Enonciation

Mange-moi offre donc l'occasion de s'intéresser à l'organisation globale du texte théâtral (liste des personnages, découpage en " actes ", ici marqués par des titres, dialogue, didascalies, indications de temps et de lieu…) et, de manière plus précise, à la mise en œuvre du discours théâtral. Comment par exemple, lorsque le texte annonce une intervention collective ( " des enfants "), rendre compte de la distribution des " voix " à l'intérieur de l'acte premier, comment traduire, par la répartition de la parole et des rires entre plusieurs, la solitude du personnage principal au milieu du groupe hostile de ses condisciples.
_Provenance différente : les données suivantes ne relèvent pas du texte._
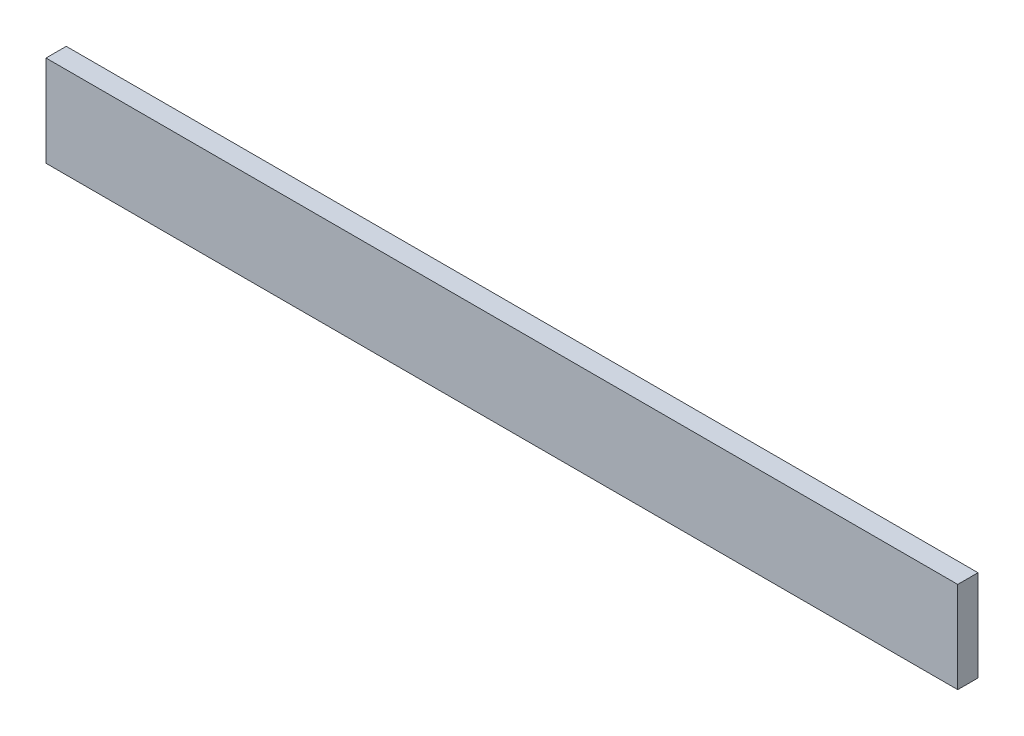
ISO-10303-21;
HEADER;
FILE_DESCRIPTION(('STEP AP214'),'2;1');
FILE_NAME('part.step','',(''),(''),'','','');
FILE_SCHEMA(('AUTOMOTIVE_DESIGN { 1 0 10303 214 1 1 1 1 }'));
ENDSEC;
DATA;
#1=APPLICATION_CONTEXT('core data for automotive mechanical design processes');
#2=APPLICATION_PROTOCOL_DEFINITION('international standard','automotive_design',2000,#1);
#3=PRODUCT_CONTEXT('',#1,'mechanical');
#4=PRODUCT('Part','Part','',(#3));
#5=PRODUCT_RELATED_PRODUCT_CATEGORY('part','',(#4));
#6=PRODUCT_DEFINITION_FORMATION('','',#4);
#7=PRODUCT_DEFINITION_CONTEXT('part definition',#1,'design');
#8=PRODUCT_DEFINITION('design','',#6,#7);
#9=PRODUCT_DEFINITION_SHAPE('','',#8);
#10=(LENGTH_UNIT() NAMED_UNIT(*) SI_UNIT(.MILLI.,.METRE.));
#11=(NAMED_UNIT(*) PLANE_ANGLE_UNIT() SI_UNIT($,.RADIAN.));
#12=(NAMED_UNIT(*) SI_UNIT($,.STERADIAN.) SOLID_ANGLE_UNIT());
#13=UNCERTAINTY_MEASURE_WITH_UNIT(LENGTH_MEASURE(1.E-05),#10,'distance_accuracy_value','');
#14=(GEOMETRIC_REPRESENTATION_CONTEXT(3) GLOBAL_UNCERTAINTY_ASSIGNED_CONTEXT((#13)) GLOBAL_UNIT_ASSIGNED_CONTEXT((#10,
#11,#12)) REPRESENTATION_CONTEXT('',''));
#15=CARTESIAN_POINT('',(0.,0.,0.));
#16=DIRECTION('',(0.,0.,1.));
#17=DIRECTION('',(1.,0.,0.));
#18=AXIS2_PLACEMENT_3D('',#15,#16,#17);
#19=CARTESIAN_POINT('',(154.666666666667,45.,-10.));
#20=DIRECTION('',(1.,0.,0.));
#21=DIRECTION('',(0.,0.,-1.));
#22=AXIS2_PLACEMENT_3D('',#19,#20,#21);
#23=PLANE('',#22);
#24=DIRECTION('',(0.,0.,1.));
#25=VECTOR('',#24,1.);
#26=CARTESIAN_POINT('',(154.666666666667,45.,-10.));
#27=LINE('',#26,#25);
#28=CARTESIAN_POINT('',(154.666666666667,45.,-10.));
#29=VERTEX_POINT('',#28);
#30=CARTESIAN_POINT('',(154.666666666667,45.,10.));
#31=VERTEX_POINT('',#30);
#32=EDGE_CURVE('E36',#29,#31,#27,.T.);
#33=ORIENTED_EDGE('',*,*,#32,.T.);
#34=DIRECTION('',(0.,1.,0.));
#35=VECTOR('',#34,1.);
#36=CARTESIAN_POINT('',(154.666666666667,45.,10.));
#37=LINE('',#36,#35);
#38=CARTESIAN_POINT('',(154.666666666667,-45.,10.));
#39=VERTEX_POINT('',#38);
#40=EDGE_CURVE('E73',#39,#31,#37,.T.);
#41=ORIENTED_EDGE('',*,*,#40,.F.);
#42=DIRECTION('',(0.,0.,1.));
#43=VECTOR('',#42,1.);
#44=CARTESIAN_POINT('',(154.666666666667,-45.,-10.));
#45=LINE('',#44,#43);
#46=CARTESIAN_POINT('',(154.666666666667,-45.,-10.));
#47=VERTEX_POINT('',#46);
#48=EDGE_CURVE('E11',#47,#39,#45,.T.);
#49=ORIENTED_EDGE('',*,*,#48,.F.);
#50=DIRECTION('',(0.,1.,0.));
#51=VECTOR('',#50,1.);
#52=CARTESIAN_POINT('',(154.666666666667,45.,-10.));
#53=LINE('',#52,#51);
#54=EDGE_CURVE('E74',#47,#29,#53,.T.);
#55=ORIENTED_EDGE('',*,*,#54,.T.);
#56=EDGE_LOOP('',(#33,#41,#49,#55));
#57=FACE_BOUND('',#56,.T.);
#58=ADVANCED_FACE('F33',(#57),#23,.T.);
#59=CARTESIAN_POINT('',(-745.333333333333,-45.,-10.));
#60=DIRECTION('',(0.,-1.,0.));
#61=DIRECTION('',(0.,0.,-1.));
#62=AXIS2_PLACEMENT_3D('',#59,#60,#61);
#63=PLANE('',#62);
#64=ORIENTED_EDGE('',*,*,#48,.T.);
#65=DIRECTION('',(1.,0.,0.));
#66=VECTOR('',#65,1.);
#67=CARTESIAN_POINT('',(-745.333333333333,-45.,10.));
#68=LINE('',#67,#66);
#69=CARTESIAN_POINT('',(-745.333333333333,-45.,10.));
#70=VERTEX_POINT('',#69);
#71=EDGE_CURVE('E90',#70,#39,#68,.T.);
#72=ORIENTED_EDGE('',*,*,#71,.F.);
#73=DIRECTION('',(0.,0.,1.));
#74=VECTOR('',#73,1.);
#75=CARTESIAN_POINT('',(-745.333333333333,-45.,-10.));
#76=LINE('',#75,#74);
#77=CARTESIAN_POINT('',(-745.333333333333,-45.,-10.));
#78=VERTEX_POINT('',#77);
#79=EDGE_CURVE('E41',#78,#70,#76,.T.);
#80=ORIENTED_EDGE('',*,*,#79,.F.);
#81=DIRECTION('',(1.,0.,0.));
#82=VECTOR('',#81,1.);
#83=CARTESIAN_POINT('',(-745.333333333333,-45.,-10.));
#84=LINE('',#83,#82);
#85=EDGE_CURVE('E79',#78,#47,#84,.T.);
#86=ORIENTED_EDGE('',*,*,#85,.T.);
#87=EDGE_LOOP('',(#64,#72,#80,#86));
#88=FACE_BOUND('',#87,.T.);
#89=ADVANCED_FACE('F105',(#88),#63,.T.);
#90=CARTESIAN_POINT('',(-745.333333333333,45.,-10.));
#91=DIRECTION('',(-1.,0.,0.));
#92=DIRECTION('',(0.,0.,1.));
#93=AXIS2_PLACEMENT_3D('',#90,#91,#92);
#94=PLANE('',#93);
#95=ORIENTED_EDGE('',*,*,#79,.T.);
#96=DIRECTION('',(0.,-1.,0.));
#97=VECTOR('',#96,1.);
#98=CARTESIAN_POINT('',(-745.333333333333,45.,10.));
#99=LINE('',#98,#97);
#100=CARTESIAN_POINT('',(-745.333333333333,45.,10.));
#101=VERTEX_POINT('',#100);
#102=EDGE_CURVE('E86',#101,#70,#99,.T.);
#103=ORIENTED_EDGE('',*,*,#102,.F.);
#104=DIRECTION('',(0.,0.,1.));
#105=VECTOR('',#104,1.);
#106=CARTESIAN_POINT('',(-745.333333333333,45.,-10.));
#107=LINE('',#106,#105);
#108=CARTESIAN_POINT('',(-745.333333333333,45.,-10.));
#109=VERTEX_POINT('',#108);
#110=EDGE_CURVE('E78',#109,#101,#107,.T.);
#111=ORIENTED_EDGE('',*,*,#110,.F.);
#112=DIRECTION('',(0.,-1.,0.));
#113=VECTOR('',#112,1.);
#114=CARTESIAN_POINT('',(-745.333333333333,45.,-10.));
#115=LINE('',#114,#113);
#116=EDGE_CURVE('E98',#109,#78,#115,.T.);
#117=ORIENTED_EDGE('',*,*,#116,.T.);
#118=EDGE_LOOP('',(#95,#103,#111,#117));
#119=FACE_BOUND('',#118,.T.);
#120=ADVANCED_FACE('F102',(#119),#94,.T.);
#121=CARTESIAN_POINT('',(-745.333333333333,45.,-10.));
#122=DIRECTION('',(0.,1.,0.));
#123=DIRECTION('',(0.,0.,1.));
#124=AXIS2_PLACEMENT_3D('',#121,#122,#123);
#125=PLANE('',#124);
#126=ORIENTED_EDGE('',*,*,#110,.T.);
#127=DIRECTION('',(-1.,0.,0.));
#128=VECTOR('',#127,1.);
#129=CARTESIAN_POINT('',(-745.333333333333,45.,10.));
#130=LINE('',#129,#128);
#131=EDGE_CURVE('E81',#31,#101,#130,.T.);
#132=ORIENTED_EDGE('',*,*,#131,.F.);
#133=ORIENTED_EDGE('',*,*,#32,.F.);
#134=DIRECTION('',(-1.,0.,0.));
#135=VECTOR('',#134,1.);
#136=CARTESIAN_POINT('',(-745.333333333333,45.,-10.));
#137=LINE('',#136,#135);
#138=EDGE_CURVE('E96',#29,#109,#137,.T.);
#139=ORIENTED_EDGE('',*,*,#138,.T.);
#140=EDGE_LOOP('',(#126,#132,#133,#139));
#141=FACE_BOUND('',#140,.T.);
#142=ADVANCED_FACE('F82',(#141),#125,.T.);
#143=CARTESIAN_POINT('',(0.,0.,-10.));
#144=DIRECTION('',(0.,0.,1.));
#145=DIRECTION('',(1.,0.,0.));
#146=AXIS2_PLACEMENT_3D('',#143,#144,#145);
#147=PLANE('',#146);
#148=ORIENTED_EDGE('',*,*,#54,.F.);
#149=ORIENTED_EDGE('',*,*,#85,.F.);
#150=ORIENTED_EDGE('',*,*,#116,.F.);
#151=ORIENTED_EDGE('',*,*,#138,.F.);
#152=EDGE_LOOP('',(#148,#149,#150,#151));
#153=FACE_BOUND('',#152,.T.);
#154=ADVANCED_FACE('F107',(#153),#147,.F.);
#155=CARTESIAN_POINT('',(0.,0.,10.));
#156=DIRECTION('',(0.,0.,1.));
#157=DIRECTION('',(1.,0.,0.));
#158=AXIS2_PLACEMENT_3D('',#155,#156,#157);
#159=PLANE('',#158);
#160=ORIENTED_EDGE('',*,*,#40,.T.);
#161=ORIENTED_EDGE('',*,*,#131,.T.);
#162=ORIENTED_EDGE('',*,*,#102,.T.);
#163=ORIENTED_EDGE('',*,*,#71,.T.);
#164=EDGE_LOOP('',(#160,#161,#162,#163));
#165=FACE_BOUND('',#164,.T.);
#166=ADVANCED_FACE('F89',(#165),#159,.T.);
#167=CLOSED_SHELL('',(#58,#89,#120,#142,#154,#166));
#168=MANIFOLD_SOLID_BREP('B2',#167);
#169=ADVANCED_BREP_SHAPE_REPRESENTATION('',(#18,#168),#14);
#170=SHAPE_DEFINITION_REPRESENTATION(#9,#169);
ENDSEC;
END-ISO-10303-21;

Ou bien encore l'inclusion d'une autre voix (celle de la mère, à travers la lettre lue). Ici, pas de commentaires d'un narrateur, l'énonciation est affaire d'intonations. D'intensité aussi : lorsqu'Alia se retrouve seule, quelle part du discours est interpellation d'un personnage caché pour l'instant, quelle part est monologue, a parte en direction du public ?
Un texte comme celui-ci oblige constamment à " négocier " les lectures qui en sont faites et les interprétations qu'on en donne. La lettre de la mère, qui déclenche les rires, est à ce titre exemplaire : il faut creuser sous les mots, sous le vernis des bons sentiments maternels, pour sonder l'absence et le vide affectif, et les compensations nécessaires. Le personnage principal, Alia, porte fort bien son nom, elle est " autre ", différente, rejetée comme telle, mais accueillante aussi aux rencontres extraordinaires, à commencer par cet ogre qui bouscule les représentations toutes faites.